On Wed, 19 Sep 2012 23:27:55 -0700, ilovelinux wrote:
>> my $tempdir = tempdir( CLEANUP => 1 );
>> remove_tree($tempdir, { safe => 0 });
>
> Smells like somethnig weird in the Cygwin layer. I once encountered a
> similar error: the Cygwin perl script removed some files but they stayed
> visible from an Explorer view in another window, until the perl script
> finished: only then the removed files disappeared.
>
> Did you try removing the files by hand-crafted code? Something like
> this:
>
> for (glob("$tempdir/*")) {
> print "removing $_: ";
> if (unlink($_)) {
> print "OK\n";
> } else {
> print "ERR ($!)\n";
> }
> }
I even tried rm -rf and that didn't work, which I found rather surprising.
> Smells like somethnig weird in the Cygwin layer.
It turns out that in Cygwin paths starting with /tmp/ get magically
redirected to c:/cygwin/tmp/
I cannot imagine a universe where that would be a good idea, but
apparently the Cygwin authors thought it was.

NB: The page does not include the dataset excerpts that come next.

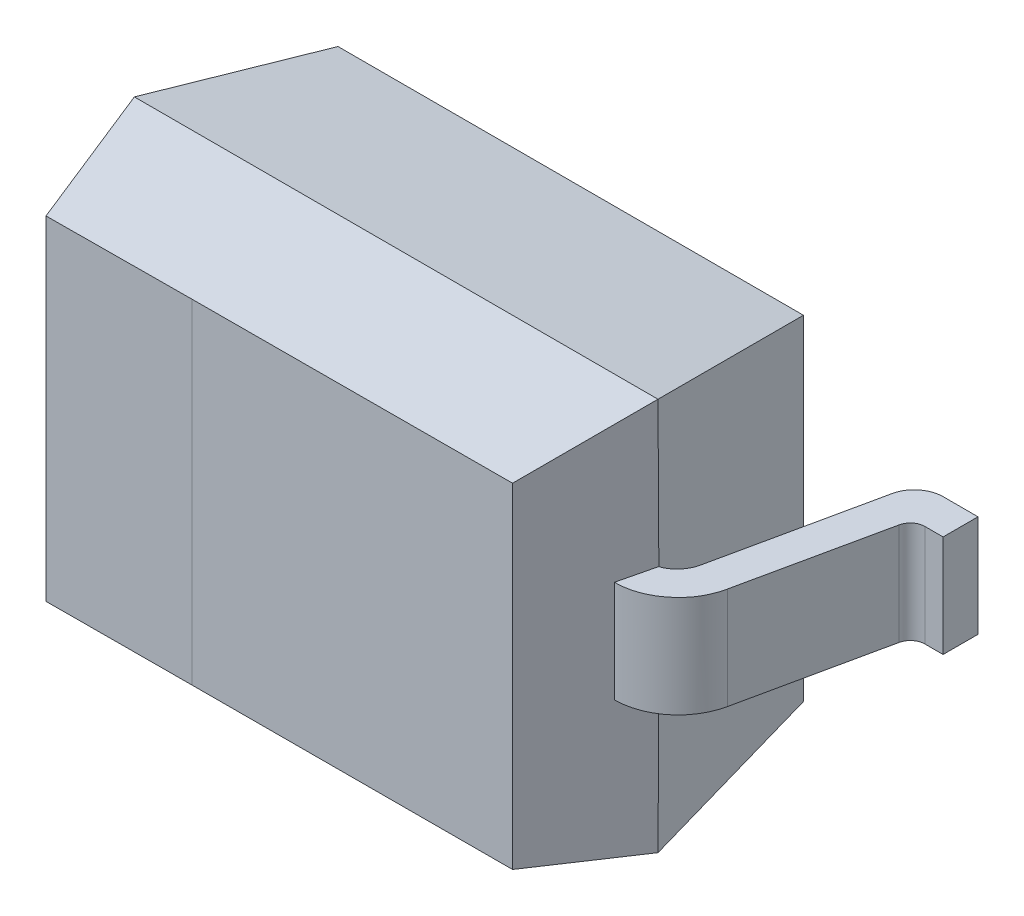
ISO-10303-21;
HEADER;
FILE_DESCRIPTION(('STEP AP214'),'2;1');
FILE_NAME('part.step','',(''),(''),'','','');
FILE_SCHEMA(('AUTOMOTIVE_DESIGN { 1 0 10303 214 1 1 1 1 }'));
ENDSEC;
DATA;
#1=APPLICATION_CONTEXT('core data for automotive mechanical design processes');
#2=APPLICATION_PROTOCOL_DEFINITION('international standard','automotive_design',2000,#1);
#3=PRODUCT_CONTEXT('',#1,'mechanical');
#4=PRODUCT('Part','Part','',(#3));
#5=PRODUCT_RELATED_PRODUCT_CATEGORY('part','',(#4));
#6=PRODUCT_DEFINITION_FORMATION('','',#4);
#7=PRODUCT_DEFINITION_CONTEXT('part definition',#1,'design');
#8=PRODUCT_DEFINITION('design','',#6,#7);
#9=PRODUCT_DEFINITION_SHAPE('','',#8);
#10=(LENGTH_UNIT() NAMED_UNIT(*) SI_UNIT(.MILLI.,.METRE.));
#11=(NAMED_UNIT(*) PLANE_ANGLE_UNIT() SI_UNIT($,.RADIAN.));
#12=(NAMED_UNIT(*) SI_UNIT($,.STERADIAN.) SOLID_ANGLE_UNIT());
#13=UNCERTAINTY_MEASURE_WITH_UNIT(LENGTH_MEASURE(1.E-05),#10,'distance_accuracy_value','');
#14=(GEOMETRIC_REPRESENTATION_CONTEXT(3) GLOBAL_UNCERTAINTY_ASSIGNED_CONTEXT((#13)) GLOBAL_UNIT_ASSIGNED_CONTEXT((#10,
#11,#12)) REPRESENTATION_CONTEXT('',''));
#15=CARTESIAN_POINT('',(0.,0.,0.));
#16=DIRECTION('',(0.,0.,1.));
#17=DIRECTION('',(1.,0.,0.));
#18=AXIS2_PLACEMENT_3D('',#15,#16,#17);
#19=CARTESIAN_POINT('',(0.,-0.543243243287631,-0.0905405405479386));
#20=DIRECTION('',(0.,0.986393923832144,0.164398987305357));
#21=DIRECTION('',(0.,-0.164398987305357,0.986393923832144));
#22=AXIS2_PLACEMENT_3D('',#19,#20,#21);
#23=PLANE('',#22);
#24=DIRECTION('',(1.,0.,0.));
#25=VECTOR('',#24,1.);
#26=CARTESIAN_POINT('',(0.,-0.575000000044477,0.0999999999931353));
#27=LINE('',#26,#25);
#28=CARTESIAN_POINT('',(0.799999999996712,-0.575000000042883,0.0999999999954235));
#29=VERTEX_POINT('',#28);
#30=CARTESIAN_POINT('',(-0.799999999994254,-0.575000000044477,0.0999999999954235));
#31=VERTEX_POINT('',#30);
#32=EDGE_CURVE('E193',#29,#31,#27,.F.);
#33=ORIENTED_EDGE('',*,*,#32,.F.);
#34=DIRECTION('',(-0.16222142136331,0.162221421124477,-0.973328526746865));
#35=VECTOR('',#34,1.);
#36=CARTESIAN_POINT('',(0.900000000150332,-0.67500000005087,0.700000000031497));
#37=LINE('',#36,#35);
#38=CARTESIAN_POINT('',(0.900000000167308,-0.675000000035295,0.700000000057765));
#39=VERTEX_POINT('',#38);
#40=EDGE_CURVE('E197',#39,#29,#37,.T.);
#41=ORIENTED_EDGE('',*,*,#40,.F.);
#42=DIRECTION('',(1.,0.,0.));
#43=VECTOR('',#42,1.);
#44=CARTESIAN_POINT('',(0.,-0.675000000027232,0.700000000025074));
#45=LINE('',#44,#43);
#46=CARTESIAN_POINT('',(-0.900000000136452,-0.675000000034631,0.700000000051428));
#47=VERTEX_POINT('',#46);
#48=EDGE_CURVE('E228',#47,#39,#45,.T.);
#49=ORIENTED_EDGE('',*,*,#48,.F.);
#50=DIRECTION('',(-0.162221421285409,-0.162221421126583,0.973328526759497));
#51=VECTOR('',#50,1.);
#52=CARTESIAN_POINT('',(-0.799999999996712,-0.575000000044876,0.0999999999955346));
#53=LINE('',#52,#51);
#54=EDGE_CURVE('E200',#31,#47,#53,.T.);
#55=ORIENTED_EDGE('',*,*,#54,.F.);
#56=EDGE_LOOP('',(#33,#41,#49,#55));
#57=FACE_BOUND('',#56,.T.);
#58=ADVANCED_FACE('F17',(#57),#23,.F.);
#59=CARTESIAN_POINT('',(-1.180841579,-0.175,0.1));
#60=DIRECTION('',(0.,1.,0.));
#61=DIRECTION('',(0.,0.,1.));
#62=AXIS2_PLACEMENT_3D('',#59,#60,#61);
#63=CYLINDRICAL_SURFACE('',#62,0.0999999996006634);
#64=CARTESIAN_POINT('',(-1.08306133768188,0.175,0.0790470910837952));
#65=CARTESIAN_POINT('',(-1.09038135668443,0.175,0.0448870031683507));
#66=CARTESIAN_POINT('',(-1.11797382468277,0.175,0.0222333914201766));
#67=CARTESIAN_POINT('',(-1.14505445712793,0.175,2.88057883888202E-10));
#68=CARTESIAN_POINT('',(-1.180841579,0.175,1.99668311940716E-10));
#69=B_SPLINE_CURVE_WITH_KNOTS('',2,(#64,#65,#66,#67,#68),.UNSPECIFIED.,.F.,.F.,(3,2,3),(0.,0.5,
1.),.UNSPECIFIED.);
#70=CARTESIAN_POINT('',(-1.08306133762269,0.175,0.0790470910711107));
#71=VERTEX_POINT('',#70);
#72=CARTESIAN_POINT('',(-1.180841579,0.175,1.99668305164453E-10));
#73=VERTEX_POINT('',#72);
#74=EDGE_CURVE('E548',#71,#73,#69,.T.);
#75=ORIENTED_EDGE('',*,*,#74,.F.);
#76=DIRECTION('',(0.,1.,0.));
#77=VECTOR('',#76,1.);
#78=CARTESIAN_POINT('',(-1.08306133713148,0.,0.0790470909658528));
#79=LINE('',#78,#77);
#80=CARTESIAN_POINT('',(-1.0830613376225,-0.175,0.0790470910710698));
#81=VERTEX_POINT('',#80);
#82=EDGE_CURVE('E291',#71,#81,#79,.F.);
#83=ORIENTED_EDGE('',*,*,#82,.T.);
#84=CARTESIAN_POINT('',(-1.180841579,-0.175,0.1));
#85=DIRECTION('',(0.,1.,0.));
#86=DIRECTION('',(0.977802413949725,0.,-0.209529089326732));
#87=AXIS2_PLACEMENT_3D('',#84,#85,#86);
#88=CIRCLE('',#87,0.0999999996006634);
#89=CARTESIAN_POINT('',(-1.180841579,-0.175,1.99473045435386E-10));
#90=VERTEX_POINT('',#89);
#91=EDGE_CURVE('E481',#81,#90,#88,.T.);
#92=ORIENTED_EDGE('',*,*,#91,.T.);
#93=DIRECTION('',(0.,1.,0.));
#94=VECTOR('',#93,1.);
#95=CARTESIAN_POINT('',(-1.180841579,0.,0.));
#96=LINE('',#95,#94);
#97=EDGE_CURVE('E223',#73,#90,#96,.F.);
#98=ORIENTED_EDGE('',*,*,#97,.F.);
#99=EDGE_LOOP('',(#75,#83,#92,#98));
#100=FACE_BOUND('',#99,.T.);
#101=ADVANCED_FACE('F551',(#100),#63,.T.);
#102=CARTESIAN_POINT('',(0.,0.,0.));
#103=DIRECTION('',(0.,0.,-1.));
#104=DIRECTION('',(-1.,0.,0.));
#105=AXIS2_PLACEMENT_3D('',#102,#103,#104);
#106=PLANE('',#105);
#107=DIRECTION('',(1.,0.,0.));
#108=VECTOR('',#107,1.);
#109=CARTESIAN_POINT('',(0.,0.175,1.99668311940716E-10));
#110=LINE('',#109,#108);
#111=CARTESIAN_POINT('',(-1.3,0.175,1.33112207960477E-10));
#112=VERTEX_POINT('',#111);
#113=EDGE_CURVE('E541',#73,#112,#110,.F.);
#114=ORIENTED_EDGE('',*,*,#113,.F.);
#115=ORIENTED_EDGE('',*,*,#97,.T.);
#116=DIRECTION('',(1.,0.,0.));
#117=VECTOR('',#116,1.);
#118=CARTESIAN_POINT('',(0.,-0.175,1.99277792482582E-10));
#119=LINE('',#118,#117);
#120=CARTESIAN_POINT('',(-1.3,-0.175,1.32851861655055E-10));
#121=VERTEX_POINT('',#120);
#122=EDGE_CURVE('E478',#90,#121,#119,.F.);
#123=ORIENTED_EDGE('',*,*,#122,.T.);
#124=DIRECTION('',(0.,1.,0.));
#125=VECTOR('',#124,1.);
#126=CARTESIAN_POINT('',(-1.3,0.,0.));
#127=LINE('',#126,#125);
#128=EDGE_CURVE('E928',#121,#112,#127,.T.);
#129=ORIENTED_EDGE('',*,*,#128,.T.);
#130=EDGE_LOOP('',(#114,#115,#123,#129));
#131=FACE_BOUND('',#130,.T.);
#132=ADVANCED_FACE('F560',(#131),#106,.T.);
#133=CARTESIAN_POINT('',(-1.3,0.,0.));
#134=DIRECTION('',(1.,0.,0.));
#135=DIRECTION('',(0.,0.,-1.));
#136=AXIS2_PLACEMENT_3D('',#133,#134,#135);
#137=PLANE('',#136);
#138=DIRECTION('',(0.,1.,0.));
#139=VECTOR('',#138,1.);
#140=CARTESIAN_POINT('',(-1.3,0.,0.12));
#141=LINE('',#140,#139);
#142=CARTESIAN_POINT('',(-1.3,0.175,0.12));
#143=VERTEX_POINT('',#142);
#144=CARTESIAN_POINT('',(-1.3,-0.175,0.12));
#145=VERTEX_POINT('',#144);
#146=EDGE_CURVE('E931',#143,#145,#141,.F.);
#147=ORIENTED_EDGE('',*,*,#146,.F.);
#148=DIRECTION('',(0.,0.,1.));
#149=VECTOR('',#148,1.);
#150=CARTESIAN_POINT('',(-1.3,0.175,0.));
#151=LINE('',#150,#149);
#152=EDGE_CURVE('E533',#112,#143,#151,.T.);
#153=ORIENTED_EDGE('',*,*,#152,.F.);
#154=ORIENTED_EDGE('',*,*,#128,.F.);
#155=DIRECTION('',(0.,0.,1.));
#156=VECTOR('',#155,1.);
#157=CARTESIAN_POINT('',(-1.3,-0.175,0.));
#158=LINE('',#157,#156);
#159=EDGE_CURVE('E475',#121,#145,#158,.T.);
#160=ORIENTED_EDGE('',*,*,#159,.T.);
#161=EDGE_LOOP('',(#147,#153,#154,#160));
#162=FACE_BOUND('',#161,.T.);
#163=ADVANCED_FACE('F933',(#162),#137,.F.);
#164=CARTESIAN_POINT('',(0.,0.,0.12));
#165=DIRECTION('',(0.,0.,1.));
#166=DIRECTION('',(1.,0.,0.));
#167=AXIS2_PLACEMENT_3D('',#164,#165,#166);
#168=PLANE('',#167);
#169=DIRECTION('',(1.,0.,0.));
#170=VECTOR('',#169,1.);
#171=CARTESIAN_POINT('',(0.,0.175,0.12));
#172=LINE('',#171,#170);
#173=CARTESIAN_POINT('',(-1.23743068399926,0.175,0.120000000434842));
#174=VERTEX_POINT('',#173);
#175=EDGE_CURVE('E540',#143,#174,#172,.T.);
#176=ORIENTED_EDGE('',*,*,#175,.F.);
#177=ORIENTED_EDGE('',*,*,#146,.T.);
#178=DIRECTION('',(1.,0.,0.));
#179=VECTOR('',#178,1.);
#180=CARTESIAN_POINT('',(0.,-0.175,0.12));
#181=LINE('',#180,#179);
#182=CARTESIAN_POINT('',(-1.237430684,-0.175,0.12000000043494));
#183=VERTEX_POINT('',#182);
#184=EDGE_CURVE('E469',#145,#183,#181,.T.);
#185=ORIENTED_EDGE('',*,*,#184,.T.);
#186=DIRECTION('',(0.,1.,0.));
#187=VECTOR('',#186,1.);
#188=CARTESIAN_POINT('',(-1.237430684,-0.175,0.120000000695904));
#189=LINE('',#188,#187);
#190=EDGE_CURVE('E502',#183,#174,#189,.T.);
#191=ORIENTED_EDGE('',*,*,#190,.T.);
#192=EDGE_LOOP('',(#176,#177,#185,#191));
#193=FACE_BOUND('',#192,.T.);
#194=ADVANCED_FACE('F522',(#193),#168,.T.);
#195=CARTESIAN_POINT('',(-1.237430684,-0.175,0.17));
#196=DIRECTION('',(0.,1.,0.));
#197=DIRECTION('',(0.,0.,1.));
#198=AXIS2_PLACEMENT_3D('',#195,#196,#197);
#199=CYLINDRICAL_SURFACE('',#198,0.0499999993040961);
#200=DIRECTION('',(0.,1.,0.));
#201=VECTOR('',#200,1.);
#202=CARTESIAN_POINT('',(-1.18854056314265,0.,0.1595235454453));
#203=LINE('',#202,#201);
#204=CARTESIAN_POINT('',(-1.18854056369605,0.175,0.159523545563886));
#205=VERTEX_POINT('',#204);
#206=CARTESIAN_POINT('',(-1.1885405636963,-0.175,0.159523545563181));
#207=VERTEX_POINT('',#206);
#208=EDGE_CURVE('E467',#205,#207,#203,.F.);
#209=ORIENTED_EDGE('',*,*,#208,.F.);
#210=CARTESIAN_POINT('',(-1.23743068399852,0.175,0.120000000173781));
#211=CARTESIAN_POINT('',(-1.21977256141157,0.175,0.120230859073692));
#212=CARTESIAN_POINT('',(-1.20599680716956,0.175,0.131116695960241));
#213=CARTESIAN_POINT('',(-1.19260438919932,0.175,0.141699613960908));
#214=CARTESIAN_POINT('',(-1.18854056382375,0.175,0.15952354559125));
#215=B_SPLINE_CURVE_WITH_KNOTS('',2,(#210,#211,#212,#213,#214),.UNSPECIFIED.,.F.,.F.,(3,2,3),
(0.,0.5,1.),.UNSPECIFIED.);
#216=EDGE_CURVE('E622',#174,#205,#215,.T.);
#217=ORIENTED_EDGE('',*,*,#216,.F.);
#218=ORIENTED_EDGE('',*,*,#190,.F.);
#219=CARTESIAN_POINT('',(-1.237430684,-0.175,0.17));
#220=DIRECTION('',(0.,-1.,0.));
#221=DIRECTION('',(0.,0.,-1.));
#222=AXIS2_PLACEMENT_3D('',#219,#220,#221);
#223=CIRCLE('',#222,0.0499999993040961);
#224=EDGE_CURVE('E468',#183,#207,#223,.T.);
#225=ORIENTED_EDGE('',*,*,#224,.T.);
#226=EDGE_LOOP('',(#209,#217,#218,#225));
#227=FACE_BOUND('',#226,.T.);
#228=ADVANCED_FACE('F512',(#227),#199,.F.);
#229=CARTESIAN_POINT('',(-1.16904360627857,0.,0.250509344159851));
#230=DIRECTION('',(-0.977802414084727,0.,0.209529088696727));
#231=DIRECTION('',(0.209529088696727,0.,0.977802414084727));
#232=AXIS2_PLACEMENT_3D('',#229,#230,#231);
#233=PLANE('',#232);
#234=DIRECTION('',(0.209529089204493,0.,0.977802413975919));
#235=VECTOR('',#234,1.);
#236=CARTESIAN_POINT('',(-1.18854056382375,0.175,0.15952354559125));
#237=LINE('',#236,#235);
#238=CARTESIAN_POINT('',(-1.0842749520122,0.175,0.646096399502258));
#239=VERTEX_POINT('',#238);
#240=EDGE_CURVE('E493',#205,#239,#237,.T.);
#241=ORIENTED_EDGE('',*,*,#240,.F.);
#242=ORIENTED_EDGE('',*,*,#208,.T.);
#243=DIRECTION('',(0.209529089203184,0.,0.9778024139762));
#244=VECTOR('',#243,1.);
#245=CARTESIAN_POINT('',(-1.18854056382425,-0.175,0.15952354558984));
#246=LINE('',#245,#244);
#247=CARTESIAN_POINT('',(-1.08427495201279,-0.175,0.646096399501579));
#248=VERTEX_POINT('',#247);
#249=EDGE_CURVE('E455',#207,#248,#246,.T.);
#250=ORIENTED_EDGE('',*,*,#249,.T.);
#251=DIRECTION('',(0.,1.,0.));
#252=VECTOR('',#251,1.);
#253=CARTESIAN_POINT('',(-1.08427495200007,-0.175,0.646096399499659));
#254=LINE('',#253,#252);
#255=EDGE_CURVE('E465',#239,#248,#254,.F.);
#256=ORIENTED_EDGE('',*,*,#255,.F.);
#257=EDGE_LOOP('',(#241,#242,#250,#256));
#258=FACE_BOUND('',#257,.T.);
#259=ADVANCED_FACE('F464',(#258),#233,.T.);
#260=CARTESIAN_POINT('',(1.16904360627857,0.,0.250509344159851));
#261=DIRECTION('',(-0.977802414084727,0.,-0.209529088696727));
#262=DIRECTION('',(-0.209529088696727,0.,0.977802414084727));
#263=AXIS2_PLACEMENT_3D('',#260,#261,#262);
#264=PLANE('',#263);
#265=DIRECTION('',(0.,1.,0.));
#266=VECTOR('',#265,1.);
#267=CARTESIAN_POINT('',(1.1885405633136,-0.175,0.159523545481932));
#268=LINE('',#267,#266);
#269=CARTESIAN_POINT('',(1.18854056339856,-0.175,0.159523545500138));
#270=VERTEX_POINT('',#269);
#271=CARTESIAN_POINT('',(1.18854056339881,0.175,0.159523545499433));
#272=VERTEX_POINT('',#271);
#273=EDGE_CURVE('E501',#270,#272,#268,.T.);
#274=ORIENTED_EDGE('',*,*,#273,.T.);
#275=DIRECTION('',(0.209529088421965,0.,-0.977802414143604));
#276=VECTOR('',#275,1.);
#277=CARTESIAN_POINT('',(1.08427495207402,0.175,0.646096399513896));
#278=LINE('',#277,#276);
#279=CARTESIAN_POINT('',(1.08427495208556,0.175,0.646096399517173));
#280=VERTEX_POINT('',#279);
#281=EDGE_CURVE('E852',#280,#272,#278,.T.);
#282=ORIENTED_EDGE('',*,*,#281,.F.);
#283=DIRECTION('',(0.,1.,0.));
#284=VECTOR('',#283,1.);
#285=CARTESIAN_POINT('',(1.0842749520971,-0.175,0.64609639952045));
#286=LINE('',#285,#284);
#287=CARTESIAN_POINT('',(1.08427495208498,-0.175,0.646096399517852));
#288=VERTEX_POINT('',#287);
#289=EDGE_CURVE('E861',#288,#280,#286,.T.);
#290=ORIENTED_EDGE('',*,*,#289,.F.);
#291=DIRECTION('',(0.209529088423273,0.,-0.977802414143324));
#292=VECTOR('',#291,1.);
#293=CARTESIAN_POINT('',(1.08427495207285,-0.175,0.646096399515253));
#294=LINE('',#293,#292);
#295=EDGE_CURVE('E894',#288,#270,#294,.T.);
#296=ORIENTED_EDGE('',*,*,#295,.T.);
#297=EDGE_LOOP('',(#274,#282,#290,#296));
#298=FACE_BOUND('',#297,.T.);
#299=ADVANCED_FACE('F859',(#298),#264,.F.);
#300=CARTESIAN_POINT('',(1.237430684,-0.175,0.17));
#301=DIRECTION('',(0.,1.,0.));
#302=DIRECTION('',(0.,0.,1.));
#303=AXIS2_PLACEMENT_3D('',#300,#301,#302);
#304=CYLINDRICAL_SURFACE('',#303,0.05);
#305=DIRECTION('',(0.,1.,0.));
#306=VECTOR('',#305,1.);
#307=CARTESIAN_POINT('',(1.237430684,0.,0.12));
#308=LINE('',#307,#306);
#309=CARTESIAN_POINT('',(1.237430684,0.175,0.12));
#310=VERTEX_POINT('',#309);
#311=CARTESIAN_POINT('',(1.23743068399926,-0.175,0.119999999999903));
#312=VERTEX_POINT('',#311);
#313=EDGE_CURVE('E1320',#310,#312,#308,.F.);
#314=ORIENTED_EDGE('',*,*,#313,.F.);
#315=CARTESIAN_POINT('',(1.18854056348402,0.175,0.159523545516934));
#316=CARTESIAN_POINT('',(1.19246618799484,0.175,0.142305761982645));
#317=CARTESIAN_POINT('',(1.20599680682896,0.175,0.131116695585501));
#318=CARTESIAN_POINT('',(1.2191509107451,0.175,0.120238986005694));
#319=CARTESIAN_POINT('',(1.237430684,0.175,0.12));
#320=B_SPLINE_CURVE_WITH_KNOTS('',2,(#315,#316,#317,#318,#319),.UNSPECIFIED.,.F.,.F.,(3,2,3),
(0.,0.5,1.),.UNSPECIFIED.);
#321=EDGE_CURVE('E863',#272,#310,#320,.T.);
#322=ORIENTED_EDGE('',*,*,#321,.F.);
#323=ORIENTED_EDGE('',*,*,#273,.F.);
#324=CARTESIAN_POINT('',(1.237430684,-0.175,0.17));
#325=DIRECTION('',(0.,-1.,0.));
#326=DIRECTION('',(-0.977802413728021,0.,-0.209529090361355));
#327=AXIS2_PLACEMENT_3D('',#324,#325,#326);
#328=CIRCLE('',#327,0.0499999999999999);
#329=EDGE_CURVE('E1304',#270,#312,#328,.T.);
#330=ORIENTED_EDGE('',*,*,#329,.T.);
#331=EDGE_LOOP('',(#314,#322,#323,#330));
#332=FACE_BOUND('',#331,.T.);
#333=ADVANCED_FACE('F1164',(#332),#304,.F.);
#334=CARTESIAN_POINT('',(0.,0.,0.12));
#335=DIRECTION('',(0.,0.,1.));
#336=DIRECTION('',(1.,0.,0.));
#337=AXIS2_PLACEMENT_3D('',#334,#335,#336);
#338=PLANE('',#337);
#339=DIRECTION('',(1.,0.,0.));
#340=VECTOR('',#339,1.);
#341=CARTESIAN_POINT('',(0.,0.175,0.12));
#342=LINE('',#341,#340);
#343=CARTESIAN_POINT('',(1.3,0.175,0.12));
#344=VERTEX_POINT('',#343);
#345=EDGE_CURVE('E865',#310,#344,#342,.T.);
#346=ORIENTED_EDGE('',*,*,#345,.F.);
#347=ORIENTED_EDGE('',*,*,#313,.T.);
#348=DIRECTION('',(1.,0.,0.));
#349=VECTOR('',#348,1.);
#350=CARTESIAN_POINT('',(0.,-0.175,0.119999999999805));
#351=LINE('',#350,#349);
#352=CARTESIAN_POINT('',(1.3,-0.175,0.11999999999987));
#353=VERTEX_POINT('',#352);
#354=EDGE_CURVE('E1295',#312,#353,#351,.T.);
#355=ORIENTED_EDGE('',*,*,#354,.T.);
#356=DIRECTION('',(0.,1.,0.));
#357=VECTOR('',#356,1.);
#358=CARTESIAN_POINT('',(1.3,0.,0.12));
#359=LINE('',#358,#357);
#360=EDGE_CURVE('E1365',#344,#353,#359,.F.);
#361=ORIENTED_EDGE('',*,*,#360,.F.);
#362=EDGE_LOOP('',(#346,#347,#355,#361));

tempdir returns /tmp/something, and this gets interpreted as
c:/tmp/something by some parts of my script and as
c:/cygwin/tmp/something by other parts of my script (including tempdir
itself).
tempdir does in fact clean up its directory, but not the directory I
thought it was using.
My ugly, non-portable and fragile workaround is to chdir to c: then
prepend the temp directory name with c: before I use it.